_Exercise prompt:_ In the data below, find the line containing "line L6 (-18.5, 4)", then set down that line and every later line up to and including the line containing "line L3 (3.25, -22.5) -> (-3.25, -22.5)", exactly.

(Data excerpts)
====
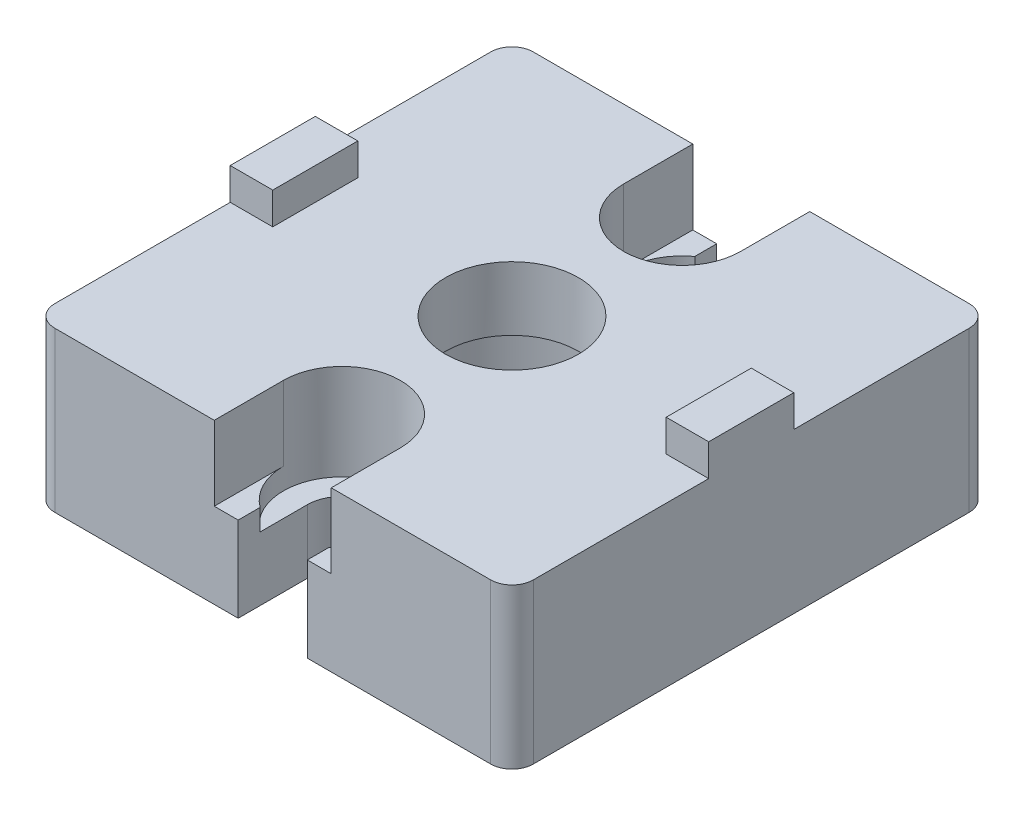
SolidWorks part; units mm, degrees
material "Алюминиевый сплав"
ref_plane "Спереди" through (0, 0, 0) normal (0, 0, 1) x (1, 0, 0)
ref_plane "Сверху" through (0, 0, 0) normal (0, 1, 0) x (1, 0, 0)
ref_plane "Справа" through (0, 0, 0) normal (1, 0, 0) x (0, 0, -1)
sketch "Эскиз1" plane through (0, 0, 0) normal (0, 1, 0) x (1, 0, 0)
  line L1 (22.5, 22.5) -> (-22.5, 22.5)
  line L2 (22.5, 22.5) -> (22.5, -22.5)
  line L3 (22.5, -22.5) -> (-22.5, -22.5)
  line L4 (-22.5, 22.5) -> (-22.5, -22.5)
  line L5 (22.5, 22.5) -> (-22.5, -22.5) construction
  line L6 (22.5, -22.5) -> (-22.5, 22.5) construction
  point P0 (0, 0)
  dimension "D1" = 45
extrude "Бобышка-Вытянуть1" add sketch "Эскиз1" along normal blind 15
sketch "Эскиз2" plane through (0, 15, 0) normal (0, 1, 0) x (1, 0, 0)
  line L0 (-22.5, 22.5) -> (-22.5, -22.5) construction
  line L1 (-18.5, -4) -> (-22.5, -4)
  line L2 (-18.5, -4) -> (-18.5, 4)
  line L3 (-18.5, 4) -> (-22.5, 4)
  line L4 (-22.5, -4) -> (-22.5, 4)
  line L5 (-18.5, -4) -> (-22.5, 4) construction
  line L6 (-18.5, 4) -> (-22.5, -4) construction
  line L7 (0, 0) -> (0, 6.185) construction
  line L8 (18.5, 4) -> (22.5, -4) construction
  line L9 (18.5, -4) -> (22.5, 4) construction
  line L10 (22.5, -4) -> (22.5, 4)
  line L11 (18.5, 4) -> (22.5, 4)
  line L12 (18.5, -4) -> (18.5, 4)
  line L13 (18.5, -4) -> (22.5, -4)
  point P0 (-20.5, 0)
  point P10 (0, 0)
  point P11 (-15, 1.8997)
  point P16 (20.5, 0)
  dimension "D1" = 4
  dimension "D2" = 8
extrude "Бобышка-Вытянуть2" add sketch "Эскиз2" along normal blind 3
sketch "Эскиз3" plane through (0, 15, 0) normal (0, 1, 0) x (1, 0, 0)
  line L0 (-3.25, -22.5) -> (-3.25, -16)
  line L1 (-22.5, -22.5) -> (22.5, -22.5) construction
  line L2 (3.25, -16) -> (3.25, -22.5)
  line L3 (3.25, -22.5) -> (-3.25, -22.5)
  line L4 (0, 0) -> (-17.3843, 0) construction
  line L5 (3.25, 16) -> (3.25, 22.5)
  line L6 (-3.25, 22.5) -> (-3.25, 16)
  line L7 (3.25, 22.5) -> (-3.25, 22.5)
  circle A0 centre (0, 0) radius 6.25
  arc A1 (-3.25, -16) -> (3.25, -16) centre (0, -16) cw
  arc A2 (-3.25, 16) -> (3.25, 16) centre (0, 16) ccw
  point P9 (0, 0)
  dimension "D1" = 12.5
  dimension "D2" = 3.25
  dimension "D3" = 32
extrude "Вырез-Вытянуть1" cut sketch "Эскиз3" against normal through all
sketch "Эскиз4" plane through (0, 0, 0) normal (0, -1, 0) x (1, 0, 0)
  circle A0 centre (0, 0) radius 10
  dimension "D1" = 20
extrude "Вырез-Вытянуть2" cut sketch "Эскиз4" against normal blind 9
sketch "Эскиз5" plane through (0, 15, 0) normal (0, 1, 0) x (1, 0, 0)
  line L0 (-5.5, -22.5) -> (-5.5, -16)
  line L1 (-22.5, -22.5) -> (-3.25, -22.5) construction
  line L2 (5.5, -16) -> (5.5, -22.5)
  line L3 (3.25, -22.5) -> (22.5, -22.5) construction
  line L4 (5.5, -22.5) -> (-5.5, -22.5)
  line L5 (0, 0) -> (-17.0309, 0) construction
  line L6 (5.5, 16) -> (5.5, 22.5)
  line L7 (-5.5, 22.5) -> (-5.5, 16)
  line L8 (5.5, 22.5) -> (-5.5, 22.5)
  arc A0 (-5.5, -16) -> (5.5, -16) centre (0, -16) cw
  arc A3 (-5.5, 16) -> (5.5, 16) centre (0, 16) ccw
  dimension "D1" = 5.5
extrude "Вырез-Вытянуть3" cut sketch "Эскиз5" against normal blind 7
sketch "Эскиз6" plane through (0, 8, 0) normal (0, 1, 0) x (1, 0, 0)
  circle A0 centre (0, -16) radius 5.5
  circle A1 centre (0, 16) radius 5.5
extrude "Вырез-Вытянуть4" cut sketch "Эскиз6" against normal blind 2
fillet "Скругление1" radius 2 4 edges at (-22.5, 7.5, -22.5) (22.5, 7.5, -22.5) (22.5, 7.5, 22.5) (-22.5, 7.5, 22.5)
====
_Answer below:_
  line L6 (-18.5, 4) -> (-22.5, -4) construction
  line L7 (0, 0) -> (0, 6.185) construction
  line L8 (18.5, 4) -> (22.5, -4) construction
  line L9 (18.5, -4) -> (22.5, 4) construction
  line L10 (22.5, -4) -> (22.5, 4)
  line L11 (18.5, 4) -> (22.5, 4)
  line L12 (18.5, -4) -> (18.5, 4)
  line L13 (18.5, -4) -> (22.5, -4)
  point P0 (-20.5, 0)
  point P10 (0, 0)
  point P11 (-15, 1.8997)
  point P16 (20.5, 0)
  dimension "D1" = 4
  dimension "D2" = 8
extrude "Бобышка-Вытянуть2" add sketch "Эскиз2" along normal blind 3
sketch "Эскиз3" plane through (0, 15, 0) normal (0, 1, 0) x (1, 0, 0)
  line L0 (-3.25, -22.5) -> (-3.25, -16)
  line L1 (-22.5, -22.5) -> (22.5, -22.5) construction
  line L2 (3.25, -16) -> (3.25, -22.5)
  line L3 (3.25, -22.5) -> (-3.25, -22.5)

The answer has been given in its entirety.